Dentro se metió el truhán, con misal y con Rosario.

-Acúseme, padre -manifestó la gallina-, que cada semana oculto tres huevos al señor amo.

-Eso está muy mal, señora mía. De penitencia lo pongo tres mil padresnuestros, y que los rece en la sacristía.

 

La pava, ¡que es más pava!, llegó la segunda:

-Acúseme, padre, de que estando clueca, me hago la tonta y así me alimentan.

-Resulta fatal lo que usted manifiesta. Mil credos le pongo, y juntito a aquélla.

Así fue la pava donde la gallina; las dos de rodillas, reza que te reza.

No buscaba el zorro más que irlas juntando, con penas muy largas, que tiempo le diera a tenerlas todas en la sacristía. Limpias de pecado, se las comería, y al cielo derechas irían sus almas.

-Acúseme, padre -confesó la pata-, que a veces me baño sola en la pileta, para que las otras el agua no beba.

-¡Eso está muy mal! Y por ser tan mala, mil avermarías, ¡y a la sacristía!

Lamíase de gusto el zorro malvado, la barriga llena sólo de pensarlo.

Ya iba a levantarse cuando vio venir, ¡si sería mentira!, al perro del amo, que también quería quitarse de encima sus muchos pecados. El zorro temblaba hasta las orejas, y además que los hombres por delante confiesan.

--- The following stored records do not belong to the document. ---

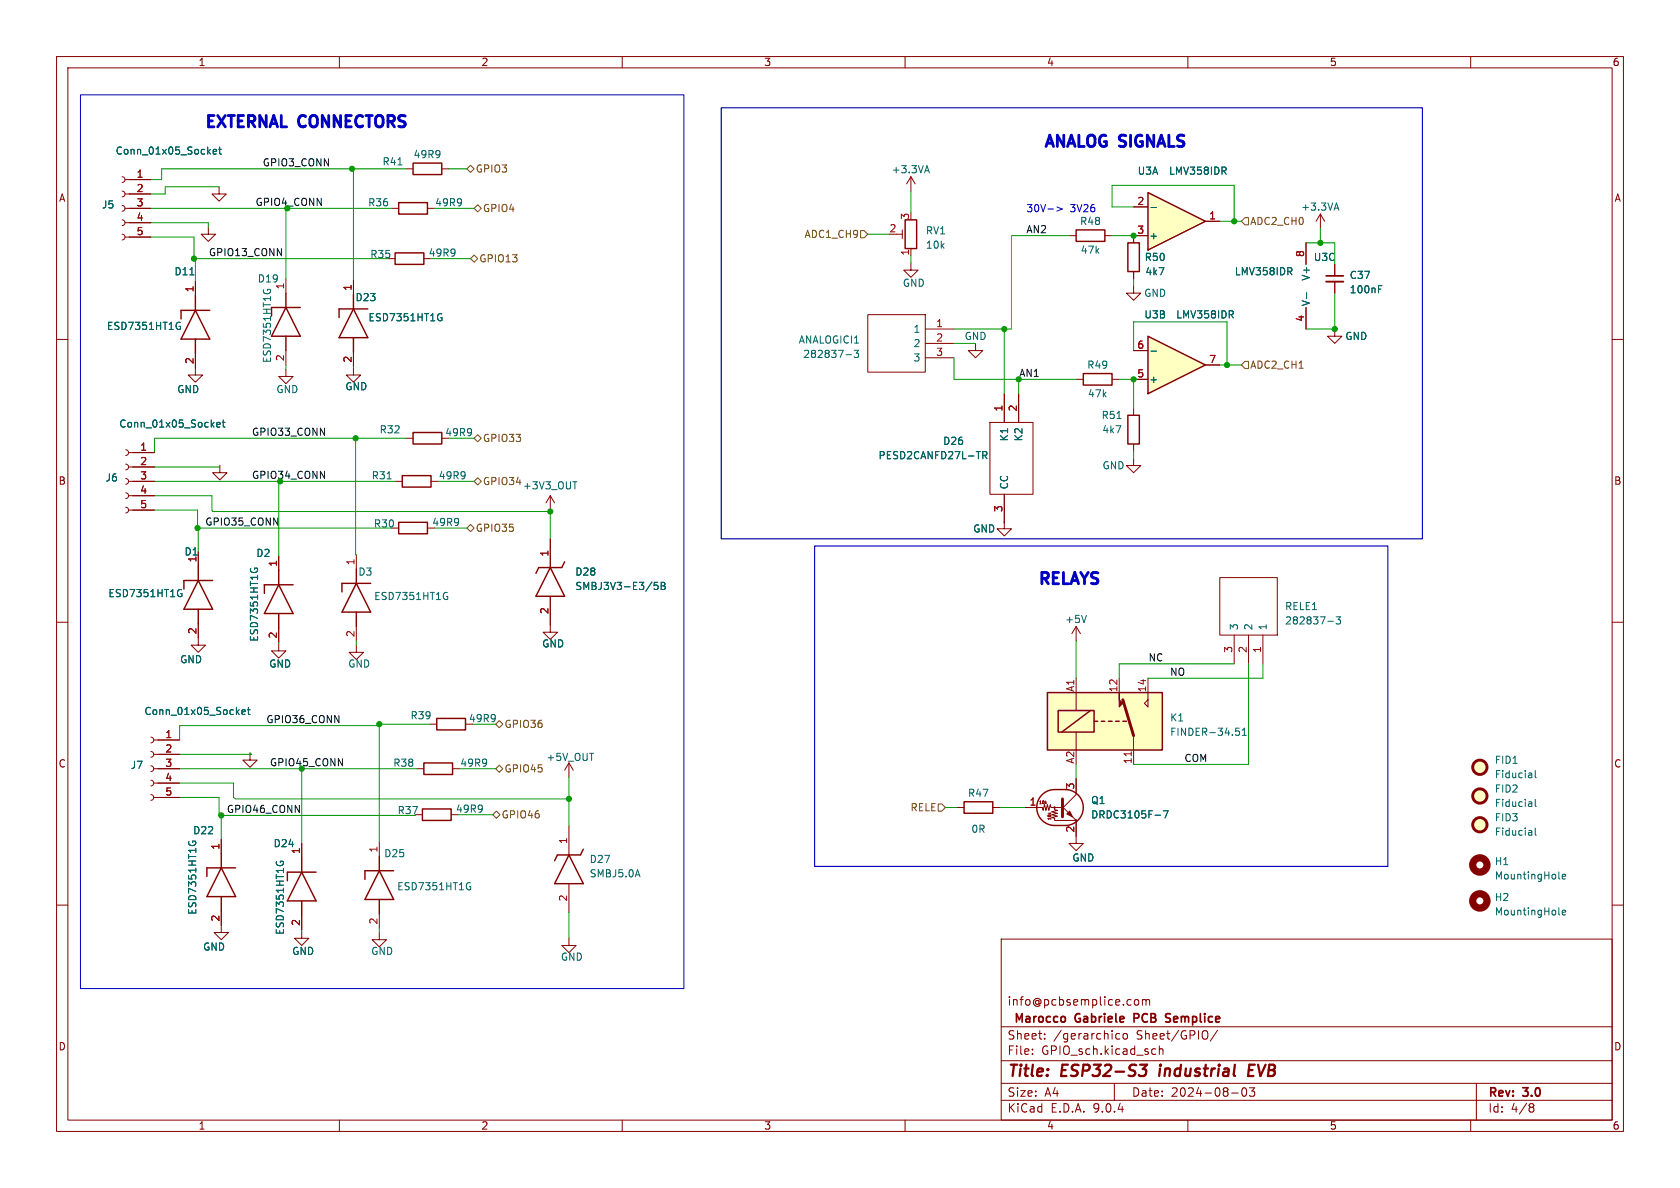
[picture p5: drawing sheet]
<svg xmlns="http://www.w3.org/2000/svg" width="297mm" height="210mm" viewBox="0 0 297 210" stroke-linecap="round" stroke-linejoin="round" font-family="sans-serif">
<g fill="none" stroke="#840000" stroke-width=".18">
<path d="M10 10h277v190h-277zM12 12h273v186h-273zM60 10v2M110 10v2M160 10v2M210 10v2M260 10v2M38.7 33v1.3h-1.2l1.2 1.3 1.3-1.3h-1.3M69.2 36.8h1.3M75.6 36.8h1.2M153.4 55.6h10.2v10.2h-10.2zM158.5 41.4h1"/>
<path d="M159.5 40.6v1.6M161 46.5v1.3h1.3l-1.3 1.2-1.2-1.2h1.2M161 43.9v1.3M163.6 58.2h5.1M236 58.2v1.2h1.2l-1.2 1.3-1.3-1.3h1.3M10 60h2M163.6 60.7h5.1M163.6 63.2h5.1M285 60h2M49.3 98.3v2.5M10 110h2M49.3 111v2.5"/>
<path d="M285 110h2M190.2 137.7v2.8l-2.5 2.5M169.2 142.7h1.2M175.5 142.7h1.3M181.4 142.7h2.9l.1 .6 .3-1.1 .2 1.1 .3-1.1 .2 1.1 .3-1.1 .1 .5h1.9M183.9 141.7l.1 .4M184.4 141.6h.1M184.8 141.6v.5M184.9 141.9l.1 .2M185 141.7l-.2 .2M185.3 143.9h.5M185.3 144.2v.1"/>
<path d="M185.4 143.7l.2 .2M185.8 144.7l-.5 .1M185.8 143.7l-.2 .1M187.7 142.5l2.5 2.5h-3.8v-.3l-.5-.2 1-.2-1-.3 1-.2-1-.3 1-.2-.5-.2v-.4M190.2 145.3v3.8h1.3l-1.3 1.3-1.2-1.3h1.2M10 160h2M53.3 164.6v1.3h-1.2l1.2 1.2 1.3-1.2h-1.3M177 166h108v32h-108zM200.7 176.8l.3-.1 .3 .3v.4l-.3 .3-.3-.1-.2-.2v-.4zM202 176.8l.4-.1 .2 .2M202 176.7v1M202.6 176.9l.2-.2 .4 .1v.9"/>
<path d="M202.6 176.9v.8M285 160h2M60 198v2M110 198v2M160 198v2M177 194.5h108M177 191.5h108M177 187.5h108M177 181.5h108M182.5 186.3v.1M182.5 185.5v.1M184.7 183.6v.1"/>
<path d="M184.7 182.8v.1M197 191.5v3M198 182.8l-.5-.1-.3 .3v.4l.2 .2h.6M198.7 182.8l.3-.1 .3 .3v.4l-.3 .3-.3-.1-.2-.2v-.4zM204.2 185.4l.1 .1M204.3 186.3l-.1 .1M205 184.9v1.5M205 185.5l.2-.1 .3 .1 .1 .9M210 198v2M215.2 182.1l-1.2 2M217.7 193.2h1.2M219.7 192.4l.2-.1a.81 .81 0 0 1 .6 .6 .81 .81 0 0 1-.3 .8l-.2 .1a.81 .81 0 0 1-.3-1.4z"/>
<path d="M220.9 192.3h.9l-.5 .6 .4 .1v.7l-.2 .1h-.4l-.2-.1M260 198v2M261 191.5v6.5M270.6 195.1l.4 .1 .2 .2-.3 .3M270.6 195.7h.3M270.9 195.7l.2 .2 .1 .4-.2 .2-.4 .1"/>
<circle cx="186.4" cy="142.7" r=".13"/>
<circle cx="190.2" cy="145" r=".13"/>
</g>
<path d="M201.6 188.2h1.2l-.8 .8h.3l.3 .2v.6l-.4 .4h-.6M205.1 188.9l-.2 1.3M220.8 189.2h.6M221.8 188.2h-.9l-.3 2h1" fill="none" stroke="#840000" stroke-width=".4"/>
<path d="M190.2 179.4l-.1 .4 .1 .7M201.2 179.3l-.7-.1v1.5M201.2 179.9l-.7 .1M206.6 180l.3 .3-.1 .2-.2 .2M206.7 179.2l.2 .1" fill="none" stroke="#840000" stroke-width=".3"/>
<path d="M149.6 62.7h.9M151 61.9h.8l-.4 .5 .3 .1v.6l-.1 .1-.6-.1M44.3 100.5v.3M45 100.7v-.3h.4l.1 .4M204.2 144.1h1M205.7 143.3h.8l-.5 1.3" fill="none" stroke="#006464" stroke-width=".18"/>
<path d="M70.5 35.8h5.1v2h-5.1zM160 38.9h2.1v5h-2.1zM49.3 100.8v2.6M49.3 108.5v2.5M49.3 103.4l2.5 5.1h-5.1zM51.8 103.4h-5.1v1.5M170.4 141.7h5.1v2.1h-5.1zM184.2 140.5a3.2 3.2 0 0 1 2.2-.9h1.9a3.2 3.2 0 0 1 3.2 3.1 3.2 3.2 0 0 1-3.2 3.2h-1.9a3.2 3.2 0 0 1-2.9-1.9 3.2 3.2 0 0 1 .7-3.5z" fill="none" stroke="#840000" stroke-width=".25"/>
<path d="M187.8 141.2v3.2z" fill="#840000" stroke="#840000" stroke-width=".51"/>
<path d="M188.6 143.9l.5-.5 .5 1z" fill="#840000" stroke="#840000" stroke-width=".18"/>
<path d="M185.2 122.4h20.3v10.2h-20.3z" fill="#ffffc2"/>
<g fill="none" stroke="#840000" stroke-width=".18">
<path d="M233.4 37.8l-.7 1.3M233.4 37.8l.8 1.3M233.4 37.8v2.6M34.5 49.8v2.5M36.8 40.1v1.3h-1.2l1.2 1.3 1.3-1.3h-1.3M62.5 49.5v2.6M68.6 45.7h1.2M74.9 45.7h1.3M230.9 42.9v3.8M230.9 54.4v3.8M236 46.7v2.1M236 49.8v2"/>
<path d="M34.5 62.5v2.5M62.5 65v1.3h-1.3l1.3 1.3 1.3-1.3h-1.3M62.5 62.2v2.6M172.5 60.7v1.3h1.2l-1.2 1.2-1.3-1.2h1.3M175 74.7h7.6v12.7h-7.6zM177.5 69.6v5.1M180.1 69.6v5.1M190.2 67.1h1.3M196.6 67.1h1.3M177.5 92.2v1.3h1.3l-1.3 1.2-1.2-1.2h1.2M177.5 87.4v5.1M200.4 81v1.3h1.3l-1.3 1.3-1.3-1.3h1.3"/>
<path d="M49.3 113.8v1.3h-1.3l1.3 1.2 1.2-1.2h-1.2M190.2 119.9v5.7M197.9 119.9v2.5M202.9 119.9v5.1l-.6-.7 .6-.6M44.2 133.1v1.3h-1.3l1.3 1.2 1.3-1.2h-1.3M190.2 129.4v3.2M200.4 130v5.1"/>
</g>
<g fill="none" stroke="#840000" stroke-width=".25">
<path d="M34.5 52.3v2.6M34.5 59.9v2.6M34.5 54.9l2.6 5h-5.1zM37.1 54.9h-5.1v1.5M62.5 52.1v2.5M62.5 59.7v2.5M62.5 54.6l2.5 5.1h-5.1zM65 54.6h-5.1v1.5M69.8 44.7h5.1v2h-5.1zM191.5 66h5.1v2.1h-5.1zM185.2 122.4h20.3v10.2h-20.3zM187.1 125.6h6.3v3.8h-6.3z"/>
<path d="M192.8 125.6l-5.1 3.8M193.4 127.5h.7M194.7 127.5h.6M196 127.5h.6M197.2 127.5h.7M198.5 127.5h.6"/>
</g>
<path d="M197.9 122.4v1.3l.6 .6-.6 .7z" fill="#840000" stroke="#840000" stroke-width=".18"/>
<g fill="none" stroke="#840000" stroke-width=".51">
<path d="M198.5 123.7l1.9 6.3"/>
<circle cx="261.6" cy="135.6" r="1.27"/>
<circle cx="261.6" cy="140.7" r="1.27"/>
<circle cx="261.6" cy="145.8" r="1.27"/>
</g>
<path d="M200 132.9v.7" fill="none" stroke="#a90000" stroke-width=".18"/>
<g fill="none" stroke="#006464" stroke-width=".18">
<path d="M236 36.8h.6M236.3 35.9l.4 1.3M31.5 57h.3M31.7 57.7h.2v.4l-.4 .1M33.6 48.6h.7M77.8 55.4l.3 .1M77.9 56.2h.2v.4l-.3 .1M228 48l.4 .6M228.3 47.4v.5M231 51.8v.9M243.7 51.1h.4M243.7 50.5h.6"/>
<path d="M173.8 80.5l.6-.1 .1-.1-.1-.4-.6-.1v1.3M174.1 80.5l.4 .6M218.5 128.7h.6M218.6 129.2h.3l.2 .2v.5l-.5 .1M219.6 130h.8M219.6 129.1l.4-.4v1.3M270.7 136.7l.1 .8M270.8 137.4l-.1 .1M270.8 136.9l-.1 .1M271.4 136.2v1.1l.2 .2M270.7 141.8l.1 .8M270.7 146.9l.1 .7"/>
<path d="M270.8 142.5l-.1 .1M270.8 142l-.1 .1M270.8 147.6h-.1M270.8 147.1l-.1 .1M271.4 141.3v1.1l.2 .2M271.4 146.4v1.1l.2 .1M275.6 155.2l.2 .2M276.2 155l.6-.2-.1-.2-.3-.1-.2 .2v.6h.5M275.6 161.6l.2 .1M276.2 161.3l.6-.1-.1-.2-.3-.1-.2 .2v.6h.5"/>
</g>
<path d="M234.4 48.8h3.1" fill="none" stroke="#840000" stroke-width=".3"/>
<path d="M234.4 49.8h3.1" fill="none" stroke="#840000" stroke-width=".33"/>
<g fill="#ffffc2" stroke="#ffffc2" stroke-width=".18">
<circle cx="261.6" cy="140.7" r="1.27"/>
<circle cx="261.6" cy="135.6" r="1.27"/>
<circle cx="261.6" cy="145.8" r="1.27"/>
</g>
<g fill="none" stroke="#840000" stroke-width="1.3">
<circle cx="261.6" cy="159.3" r="1.27"/>
<circle cx="261.6" cy="152.9" r="1.27"/>
</g>
<path d="M202.9 59.4l10.2 5.1-10.2 5.1z" fill="#ffffc2"/>
<path d="M48 54.4h5.1M50.5 51.8v2.6M50.5 59.4v2.6M50.5 54.4l2.6 5h-5.1zM190.2 40.6h5.1v2.1h-5.1zM199.4 42.9h2v5.1h-2zM202.9 59.4l10.2 5.1-10.2 5.1zM199.4 73.4h2v5.1h-2z" fill="none" stroke="#840000" stroke-width=".25"/>
<g fill="none" stroke="#840000" stroke-width=".18">
<path d="M21.6 31.2l.3 .2 .2 .4-.2 .3-.3 .2M21.6 33.8l.3 .1 .2 .4-.2 .3-.3 .2M21.6 36.3l.3 .2 .2 .3-.2 .4-.3 .1M21.6 38.9l.3 .1 .2 .4-.2 .3-.3 .2M22.1 31.8h4.6M22.1 34.3h4.6M22.1 36.8h4.6M22.1 39.4h4.6M21.6 41.4l.3 .2 .2 .3-.2 .4-.3 .1M22.1 41.9h4.6M50.5 49.3v2.5M189 41.7h1.2"/>
<path d="M195.3 41.7h1.3M200.4 50.5v1.3h1.3l-1.3 1.3-1.3-1.3h1.3M200.4 41.7v1.2M200.4 48v1.3M22.2 79.5l.4 .1 .1 .4-.1 .4-.4 .1M34.5 65v1.3h-1.2l1.2 1.3 1.3-1.3h-1.3M50.5 65.3v1.2h-1.2l1.2 1.3 1.3-1.3h-1.3M50.5 62v2.5M200.4 67.1h2.5M200.4 62h2.5M200.4 72.1v1.3M200.4 78.5v1.3"/>
<path d="M213.1 64.5h2.5M22.2 82l.4 .2 .1 .3-.1 .4-.4 .2M22.2 84.6l.4 .1 .1 .4-.1 .3-.4 .2M22.2 87.1l.4 .2 .1 .3-.1 .4-.4 .1M22.2 89.7l.4 .1 .1 .4-.1 .3-.4 .2M22.7 80h4.6M22.7 82.6h4.6M22.7 85.1h4.6M22.7 87.6h4.6M22.7 90.2h4.6M190.2 110.7l-.7 1.3M190.2 110.7l.8 1.3"/>
<path d="M190.2 110.7v2.6M215.6 102.1h10.2v10.2h-10.2zM218.2 112.3v5M220.7 112.3v5M223.3 112.3v5"/>
</g>
<g fill="none" stroke="#006464" stroke-width=".18">
<path d="M37.7 26.8l.6-.1-.1-.2-.3-.1-.2 .2v.6h.5M38.7 26.4h.4M38.8 26v1.1l.3 .1M46.6 51.2v.3M47.3 51.4v-.2h.4l.1 .3M217.6 55.6l.4 .6M218 55.1v.4M38.3 75.1l.6-.1v-.3h-.4l-.2 .1 .1 .6h.5M39.3 74.7h.5M39.5 74.2v1.1l.3 .2M197.5 74h.7M203.5 62.1h.9"/>
<path d="M192.1 108.8l-.5 1.3M234.7 109.8h1M236.2 109h.8l-.4 .5 .3 .1v.6l-.2 .1-.5-.1"/>
</g>
<path d="M202.9 34l10.2 5.1-10.2 5.1z" fill="#ffffc2"/>
<g fill="none" stroke="#840000" stroke-width=".25">
<path d="M73 28.8h5.1v2.1h-5.1zM202.9 34l10.2 5.1-10.2 5.1zM73 76.5h5.1v2h-5.1zM70.5 92.3h5.1v2.1h-5.1zM71.1 84.1h5.1v2h-5.1zM99.8 99.3l-.5 1h-4.1l-.5 1M35.1 100.1v2.5M35.1 107.7v2.5M35.1 102.6l2.5 5.1h-5.1zM37.6 102.6h-5.1v1.5M63 100.6v2.5M63 108.2v2.5"/>
<path d="M63 103.1l2.5 5.1h-5zM65.5 103.1h-5v1.5M97.3 100.3l2.5 5.1h-5.1zM74.9 134.9h5.1v2h-5.1zM77.2 127h5.1v2h-5.1zM39.1 150.9v2.5M39.1 158.5v2.5M39.1 153.4l2.6 5.1h-5.1zM41.7 153.4h-5.1v1.5M50.8 154.2h5.1M53.3 151.6v2.6M53.3 159.3v2.5"/>
<path d="M53.3 154.2l2.6 5.1h-5.1zM67.1 151.4v2.5M67.1 159v2.5M67.1 153.9l2.5 5.1h-5.1zM69.6 153.9h-5.1v1.5M74.7 143h5.1v2h-5.1zM100.6 151.1l2.5 5.1h-5.1zM103.1 150.1l-.5 1h-4l-.6 1"/>
</g>
<g fill="none" stroke="#840000" stroke-width=".18">
<path d="M22.9 31.8h3.8M22.9 34.3h3.8M22.9 36.8h3.8M22.9 39.4h3.8M71.8 29.8h1.2M78.1 29.8h1.3M161 31.2l-.7 1.3M161 31.2l.8 1.3M161 31.2v2.6M200.4 36.6h2.5M213.1 39.1h2.5M22.9 41.9h3.8"/>
<path d="M34.5 49.8v2.5M62.5 49.5v2.6M200.4 48v1.3M202.9 41.7h-2.5v1.2M230.9 42.9v3.8M230.9 54.4v3.8M236 46.7v2.1M236 49.8v2M34.5 62.5v2.5M62.5 62.2v2.6M71.8 77.5h1.2M177.5 69.6v5.1"/>
<path d="M180.1 69.6v5.1M200.4 67.1h2.5M200.4 62h2.5M213.1 64.5h2.5M23.5 85.1h3.8M23.5 80h3.8M23.5 82.6h3.8M23.5 87.6h3.8M23.5 90.2h3.8M35.1 97.5v2.6M38.9 82.3v1.3h-1.3l1.3 1.2 1.2-1.2h-1.2M49.3 98.3v2.5"/>
<path d="M63 98v2.6M69.2 93.3h1.3M69.8 85.1h1.3M75.6 93.3h1.2M76.2 85.1h1.3M97.3 87.6l-.8 1.3M97.3 87.6l.7 1.3M97.3 87.6v2.6M97.3 95.3v5M177.5 87.4v5.1M35.1 110.2v3.8h-1.3l1.3 1.3 1.2-1.3h-1.2M49.3 111v2.5"/>
<path d="M63 114v1.3h-1.3l1.3 1.3 1.3-1.3h-1.3M63 110.7v2.6M97.3 105.4v6.4h-1.3l1.3 1.2 1.3-1.2h-1.3M26.7 130.3l.3 .2 .2 .3-.2 .4-.3 .1M26.7 132.8l.3 .2 .2 .4-.2 .3-.3 .2M26.7 135.4l.3 .1 .2 .4-.2 .3-.3 .2M26.7 137.9l.3 .2 .2 .3-.2 .4-.3 .1M27.2 135.9h4.5M27.2 130.8h4.5M27.2 133.4h4.5M27.2 138.4h4.5M73.7 135.9h1.2"/>
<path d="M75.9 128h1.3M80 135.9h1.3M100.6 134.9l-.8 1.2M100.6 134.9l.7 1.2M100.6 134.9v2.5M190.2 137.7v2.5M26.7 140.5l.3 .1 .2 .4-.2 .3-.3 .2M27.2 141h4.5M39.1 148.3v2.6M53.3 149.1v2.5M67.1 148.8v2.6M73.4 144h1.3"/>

-Acúseme, padre, de haberme comido un par de polluelas el otro domingo.

-¿Y cómo es que el cura, que diga, yo mismo, no me diera cuenta?

Casi le delata decir lo que dijo, de no ser porque el perro no era muy listo. Algo, sin embargo, olióse el zorrero.

-Acúseme, padre -siguió éste diciendo-, que a la pobre pata le dejé viuda, y que ésos que esconde señora gallina, me los zampo yo en cuanto se descuida.

 

-¡Vaya, vaya, vaya! ¡Quién lo diría! Lo que  no me explico es cómo ese cura, perdón, cómo es que yo mismo no me he percatado de su mal instinto.

Ya era segunda la equivocación, y al perro hacía un rato que a zorro le estaba cantando el olfato.

-¿No se acuerda, padre, haberle yo dicho que era el viejo zorro el que cometiera todos los delitos?

-¡Conque esas tenemos! Encima que al pobre le suena el pellejo, y que  no se le ve por este cortijo, lo cargas de culpas que no ha cometido.

¿Sabes qué te digo? Que no puedo darte yo la obsolución, porque ese pecado no tiene perdón.

-¡Cómo va a tenerlo, maldito raposo! ¡Si tú no eres cura, ni yo soy tan bobo! -dijo el perro y fue a hincarle el diente.

Pero el zorro se escurrió como una anguila (de algo había de servirle estar tan canijo) y salió de estampía camino de la sacristía, -y de la ventana abierta-. Allí estaban las tres pazguatas cumpliendo sus penas.

-¿Padre, usted cree que iremos al cielo? -preguntó una de ellas.

-Vosotras rezad, que ahí viene el perro dispuesto a ayudaros. Yo voy por delante, abriendo las puertas.